Task details: Extract exactly the range of lines bounded by the line containing "fillet(fillet5_edges, radius=FILLET5_R)" and the final line of the listing, both ends included, and no other lines.

Exercise inputs:
..............................

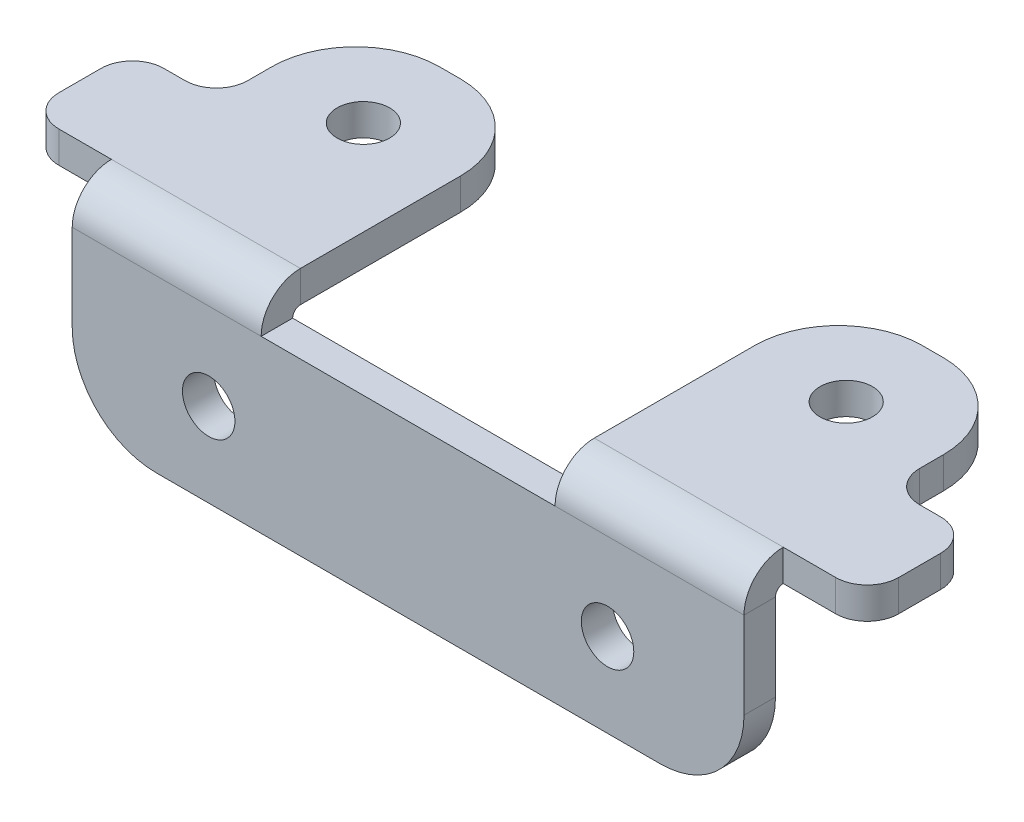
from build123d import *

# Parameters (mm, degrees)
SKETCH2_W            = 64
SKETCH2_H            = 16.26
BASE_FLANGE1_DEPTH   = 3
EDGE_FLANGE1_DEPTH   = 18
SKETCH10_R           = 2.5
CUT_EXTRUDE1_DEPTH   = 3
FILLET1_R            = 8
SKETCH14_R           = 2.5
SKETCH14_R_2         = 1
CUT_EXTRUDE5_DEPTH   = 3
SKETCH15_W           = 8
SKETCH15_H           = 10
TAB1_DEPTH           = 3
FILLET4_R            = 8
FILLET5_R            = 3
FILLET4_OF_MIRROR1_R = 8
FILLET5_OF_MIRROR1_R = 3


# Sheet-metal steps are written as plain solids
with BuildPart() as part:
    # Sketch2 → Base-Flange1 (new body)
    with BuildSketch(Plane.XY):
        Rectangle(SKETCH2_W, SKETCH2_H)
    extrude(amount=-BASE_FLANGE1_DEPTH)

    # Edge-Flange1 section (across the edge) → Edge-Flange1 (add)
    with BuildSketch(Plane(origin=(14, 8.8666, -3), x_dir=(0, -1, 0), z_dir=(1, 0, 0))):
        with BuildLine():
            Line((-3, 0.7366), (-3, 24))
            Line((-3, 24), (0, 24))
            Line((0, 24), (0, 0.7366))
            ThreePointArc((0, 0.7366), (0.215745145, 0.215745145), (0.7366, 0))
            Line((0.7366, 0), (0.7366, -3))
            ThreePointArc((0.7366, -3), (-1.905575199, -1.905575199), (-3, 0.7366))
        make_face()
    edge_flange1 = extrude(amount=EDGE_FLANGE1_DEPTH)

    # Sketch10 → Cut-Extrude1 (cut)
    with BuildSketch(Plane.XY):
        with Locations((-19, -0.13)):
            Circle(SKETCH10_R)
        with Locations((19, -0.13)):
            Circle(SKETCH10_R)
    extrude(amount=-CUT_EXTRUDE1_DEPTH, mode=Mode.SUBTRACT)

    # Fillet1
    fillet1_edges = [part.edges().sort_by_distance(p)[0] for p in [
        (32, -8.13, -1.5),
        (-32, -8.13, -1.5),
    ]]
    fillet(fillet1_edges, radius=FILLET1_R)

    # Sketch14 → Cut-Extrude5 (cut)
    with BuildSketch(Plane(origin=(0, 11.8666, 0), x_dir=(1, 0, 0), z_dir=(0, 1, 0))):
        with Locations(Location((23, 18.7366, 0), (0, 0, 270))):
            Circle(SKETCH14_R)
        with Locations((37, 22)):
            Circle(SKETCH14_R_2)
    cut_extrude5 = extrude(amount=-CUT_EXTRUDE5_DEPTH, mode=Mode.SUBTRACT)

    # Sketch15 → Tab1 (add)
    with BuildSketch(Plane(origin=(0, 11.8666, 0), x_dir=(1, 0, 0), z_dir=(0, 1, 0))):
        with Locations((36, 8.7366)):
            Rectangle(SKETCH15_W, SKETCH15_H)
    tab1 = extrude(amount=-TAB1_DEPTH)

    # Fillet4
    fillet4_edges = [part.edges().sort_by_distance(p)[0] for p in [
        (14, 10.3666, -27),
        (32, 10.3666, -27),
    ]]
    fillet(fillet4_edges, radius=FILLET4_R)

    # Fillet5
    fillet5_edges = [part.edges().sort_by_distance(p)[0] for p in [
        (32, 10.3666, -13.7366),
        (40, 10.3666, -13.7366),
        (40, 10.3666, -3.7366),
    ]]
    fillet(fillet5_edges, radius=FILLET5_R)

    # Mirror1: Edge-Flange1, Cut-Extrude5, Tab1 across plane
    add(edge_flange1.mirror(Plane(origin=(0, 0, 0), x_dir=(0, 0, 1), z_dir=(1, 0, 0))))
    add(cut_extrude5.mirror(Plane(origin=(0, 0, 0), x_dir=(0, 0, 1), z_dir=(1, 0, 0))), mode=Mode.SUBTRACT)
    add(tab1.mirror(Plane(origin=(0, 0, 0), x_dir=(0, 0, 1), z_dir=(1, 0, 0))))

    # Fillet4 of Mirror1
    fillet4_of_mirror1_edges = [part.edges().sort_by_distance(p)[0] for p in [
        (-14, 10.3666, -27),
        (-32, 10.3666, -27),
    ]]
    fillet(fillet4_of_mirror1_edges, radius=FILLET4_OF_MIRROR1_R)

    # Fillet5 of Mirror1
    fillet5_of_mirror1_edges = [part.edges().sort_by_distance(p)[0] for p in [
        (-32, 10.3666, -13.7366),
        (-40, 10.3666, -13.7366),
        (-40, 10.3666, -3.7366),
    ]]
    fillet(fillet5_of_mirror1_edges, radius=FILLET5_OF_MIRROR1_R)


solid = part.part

..............................

Output:
    fillet(fillet5_edges, radius=FILLET5_R)

    # Mirror1: Edge-Flange1, Cut-Extrude5, Tab1 across plane
    add(edge_flange1.mirror(Plane(origin=(0, 0, 0), x_dir=(0, 0, 1), z_dir=(1, 0, 0))))
    add(cut_extrude5.mirror(Plane(origin=(0, 0, 0), x_dir=(0, 0, 1), z_dir=(1, 0, 0))), mode=Mode.SUBTRACT)
    add(tab1.mirror(Plane(origin=(0, 0, 0), x_dir=(0, 0, 1), z_dir=(1, 0, 0))))

    # Fillet4 of Mirror1
    fillet4_of_mirror1_edges = [part.edges().sort_by_distance(p)[0] for p in [
        (-14, 10.3666, -27),
        (-32, 10.3666, -27),
    ]]
    fillet(fillet4_of_mirror1_edges, radius=FILLET4_OF_MIRROR1_R)

    # Fillet5 of Mirror1
    fillet5_of_mirror1_edges = [part.edges().sort_by_distance(p)[0] for p in [
        (-32, 10.3666, -13.7366),
        (-40, 10.3666, -13.7366),
        (-40, 10.3666, -3.7366),
    ]]
    fillet(fillet5_of_mirror1_edges, radius=FILLET5_OF_MIRROR1_R)


solid = part.part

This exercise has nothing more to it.